Exercise aim ->
Find every line in the records below that contains the word "linework", and copy each such line.

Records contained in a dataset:
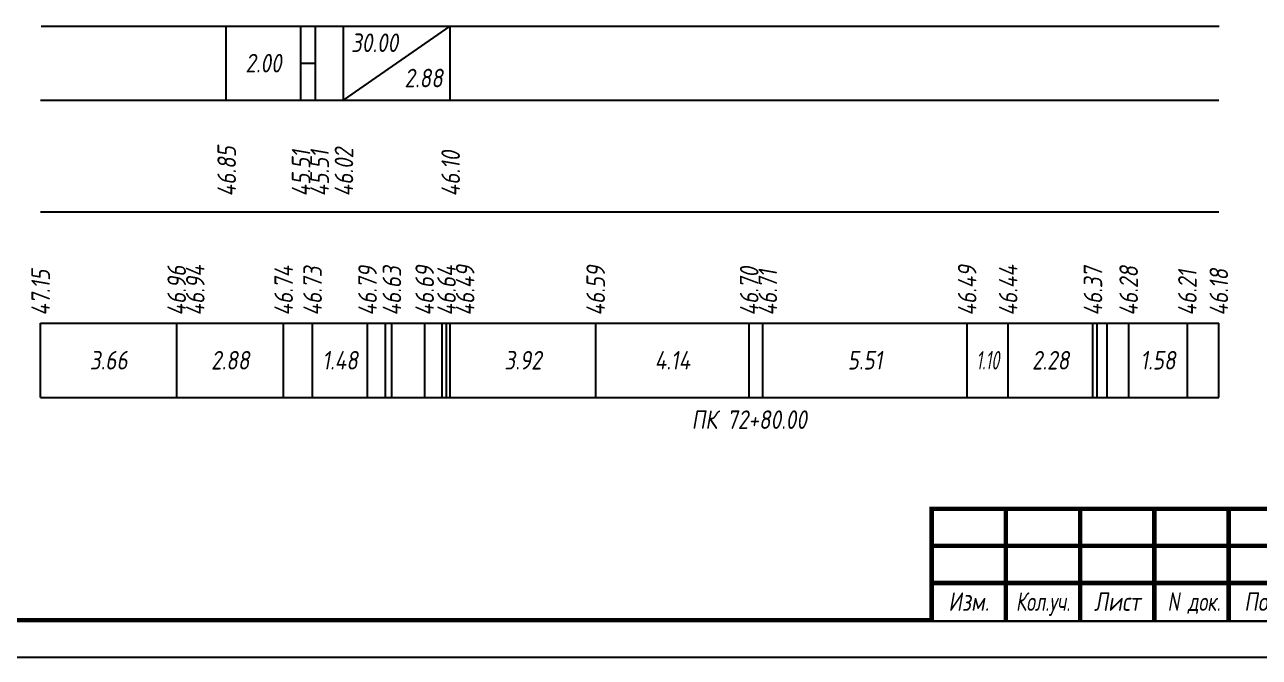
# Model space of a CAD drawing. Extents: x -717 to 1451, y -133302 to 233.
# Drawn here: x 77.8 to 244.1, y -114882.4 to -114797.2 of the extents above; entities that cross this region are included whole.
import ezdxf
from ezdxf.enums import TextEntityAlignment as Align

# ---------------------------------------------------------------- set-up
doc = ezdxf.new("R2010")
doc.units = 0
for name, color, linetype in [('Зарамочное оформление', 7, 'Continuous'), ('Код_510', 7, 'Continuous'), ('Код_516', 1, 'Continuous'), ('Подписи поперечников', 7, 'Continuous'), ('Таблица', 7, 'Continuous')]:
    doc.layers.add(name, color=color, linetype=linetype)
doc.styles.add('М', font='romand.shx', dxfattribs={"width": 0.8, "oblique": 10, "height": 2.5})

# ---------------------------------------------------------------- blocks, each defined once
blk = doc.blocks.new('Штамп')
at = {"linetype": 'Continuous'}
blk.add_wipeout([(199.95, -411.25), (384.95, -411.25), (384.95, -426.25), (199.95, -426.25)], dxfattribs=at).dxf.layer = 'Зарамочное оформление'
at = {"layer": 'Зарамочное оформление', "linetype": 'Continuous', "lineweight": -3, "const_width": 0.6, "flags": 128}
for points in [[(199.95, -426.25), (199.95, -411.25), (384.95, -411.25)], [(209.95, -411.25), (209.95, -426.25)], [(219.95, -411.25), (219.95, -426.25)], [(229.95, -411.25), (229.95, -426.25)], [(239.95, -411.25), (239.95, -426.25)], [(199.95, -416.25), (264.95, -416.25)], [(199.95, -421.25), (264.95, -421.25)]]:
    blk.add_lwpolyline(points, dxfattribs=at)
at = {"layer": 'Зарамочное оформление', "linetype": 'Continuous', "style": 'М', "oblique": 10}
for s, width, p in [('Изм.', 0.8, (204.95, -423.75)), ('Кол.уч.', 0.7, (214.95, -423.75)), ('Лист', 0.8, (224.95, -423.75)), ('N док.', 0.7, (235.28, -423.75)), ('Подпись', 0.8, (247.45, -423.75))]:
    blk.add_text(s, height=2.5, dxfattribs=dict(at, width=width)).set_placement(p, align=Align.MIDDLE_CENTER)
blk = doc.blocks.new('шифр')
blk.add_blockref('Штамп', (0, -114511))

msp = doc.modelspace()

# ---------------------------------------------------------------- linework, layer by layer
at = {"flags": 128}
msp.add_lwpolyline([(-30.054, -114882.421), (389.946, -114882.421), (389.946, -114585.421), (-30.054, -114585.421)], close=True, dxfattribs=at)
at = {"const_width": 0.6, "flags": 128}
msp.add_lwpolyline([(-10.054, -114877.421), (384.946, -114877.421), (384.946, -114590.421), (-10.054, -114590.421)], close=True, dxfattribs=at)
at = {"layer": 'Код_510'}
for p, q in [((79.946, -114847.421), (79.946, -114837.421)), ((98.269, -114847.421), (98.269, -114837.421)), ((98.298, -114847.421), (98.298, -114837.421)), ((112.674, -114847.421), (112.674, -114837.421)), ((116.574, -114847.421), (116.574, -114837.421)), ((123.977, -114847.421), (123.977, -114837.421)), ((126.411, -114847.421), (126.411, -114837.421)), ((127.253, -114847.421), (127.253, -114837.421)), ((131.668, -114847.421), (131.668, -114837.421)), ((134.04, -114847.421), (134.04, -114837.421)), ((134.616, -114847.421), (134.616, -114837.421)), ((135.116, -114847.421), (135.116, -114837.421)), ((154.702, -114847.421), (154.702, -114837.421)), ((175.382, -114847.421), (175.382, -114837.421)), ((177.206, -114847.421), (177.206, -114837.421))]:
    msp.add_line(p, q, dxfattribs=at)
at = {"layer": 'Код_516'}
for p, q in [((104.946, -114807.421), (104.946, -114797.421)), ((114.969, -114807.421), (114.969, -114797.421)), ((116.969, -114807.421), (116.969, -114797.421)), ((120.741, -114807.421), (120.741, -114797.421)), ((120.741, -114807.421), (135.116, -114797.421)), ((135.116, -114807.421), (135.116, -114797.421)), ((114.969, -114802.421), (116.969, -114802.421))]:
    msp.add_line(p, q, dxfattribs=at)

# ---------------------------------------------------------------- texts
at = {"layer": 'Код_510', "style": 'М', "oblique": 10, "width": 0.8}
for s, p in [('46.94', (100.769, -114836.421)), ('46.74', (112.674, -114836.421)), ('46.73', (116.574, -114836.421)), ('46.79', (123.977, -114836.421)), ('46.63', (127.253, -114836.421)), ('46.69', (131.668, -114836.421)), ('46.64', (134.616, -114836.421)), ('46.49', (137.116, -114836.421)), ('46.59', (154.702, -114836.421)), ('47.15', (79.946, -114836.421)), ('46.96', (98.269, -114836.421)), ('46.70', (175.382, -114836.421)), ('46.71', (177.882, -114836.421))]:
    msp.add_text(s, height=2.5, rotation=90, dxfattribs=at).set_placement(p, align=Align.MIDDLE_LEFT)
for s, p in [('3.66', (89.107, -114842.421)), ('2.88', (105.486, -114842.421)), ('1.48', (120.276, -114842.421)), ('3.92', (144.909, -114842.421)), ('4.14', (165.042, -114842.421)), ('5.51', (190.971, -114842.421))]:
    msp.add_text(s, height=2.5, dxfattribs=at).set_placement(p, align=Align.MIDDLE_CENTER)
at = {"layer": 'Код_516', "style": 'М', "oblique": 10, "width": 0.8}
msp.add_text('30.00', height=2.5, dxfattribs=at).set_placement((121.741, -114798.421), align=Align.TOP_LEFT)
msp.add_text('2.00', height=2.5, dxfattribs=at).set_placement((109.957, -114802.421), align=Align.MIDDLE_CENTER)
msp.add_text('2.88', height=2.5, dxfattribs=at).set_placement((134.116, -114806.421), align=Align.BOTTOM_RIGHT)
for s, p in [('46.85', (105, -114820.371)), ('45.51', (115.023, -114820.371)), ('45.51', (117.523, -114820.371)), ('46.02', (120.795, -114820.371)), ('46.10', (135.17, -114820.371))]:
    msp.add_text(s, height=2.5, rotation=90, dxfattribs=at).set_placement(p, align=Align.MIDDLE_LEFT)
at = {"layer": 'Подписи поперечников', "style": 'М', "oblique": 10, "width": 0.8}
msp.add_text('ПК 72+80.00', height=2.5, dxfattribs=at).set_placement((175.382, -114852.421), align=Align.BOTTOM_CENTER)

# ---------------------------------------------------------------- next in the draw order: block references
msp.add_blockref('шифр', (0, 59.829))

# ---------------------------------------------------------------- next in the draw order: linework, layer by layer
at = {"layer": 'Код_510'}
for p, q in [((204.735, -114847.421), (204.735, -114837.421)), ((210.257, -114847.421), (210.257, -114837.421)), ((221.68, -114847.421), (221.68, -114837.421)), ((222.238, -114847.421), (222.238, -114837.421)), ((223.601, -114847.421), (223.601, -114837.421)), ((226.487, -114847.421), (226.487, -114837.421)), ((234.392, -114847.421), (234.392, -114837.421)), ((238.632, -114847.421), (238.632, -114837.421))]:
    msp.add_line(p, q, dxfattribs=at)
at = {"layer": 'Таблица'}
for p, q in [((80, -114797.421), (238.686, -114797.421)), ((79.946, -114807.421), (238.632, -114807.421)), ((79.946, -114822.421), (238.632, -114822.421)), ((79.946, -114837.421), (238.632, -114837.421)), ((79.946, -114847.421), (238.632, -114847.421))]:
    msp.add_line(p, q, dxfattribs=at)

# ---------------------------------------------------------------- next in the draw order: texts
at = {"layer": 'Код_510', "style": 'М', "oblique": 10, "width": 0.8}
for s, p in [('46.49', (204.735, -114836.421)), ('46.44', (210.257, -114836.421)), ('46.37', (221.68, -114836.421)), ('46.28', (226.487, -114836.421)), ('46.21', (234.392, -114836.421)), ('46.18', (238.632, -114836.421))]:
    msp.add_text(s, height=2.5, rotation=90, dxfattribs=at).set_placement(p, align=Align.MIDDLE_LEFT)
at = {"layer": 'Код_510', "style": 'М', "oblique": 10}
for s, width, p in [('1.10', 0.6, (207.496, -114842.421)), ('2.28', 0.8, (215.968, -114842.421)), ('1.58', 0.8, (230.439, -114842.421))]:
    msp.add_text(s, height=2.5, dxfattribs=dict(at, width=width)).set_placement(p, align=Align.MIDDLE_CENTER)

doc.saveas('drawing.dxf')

Solved problem ->
# ---------------------------------------------------------------- linework, layer by layer
# ---------------------------------------------------------------- next in the draw order: linework, layer by layer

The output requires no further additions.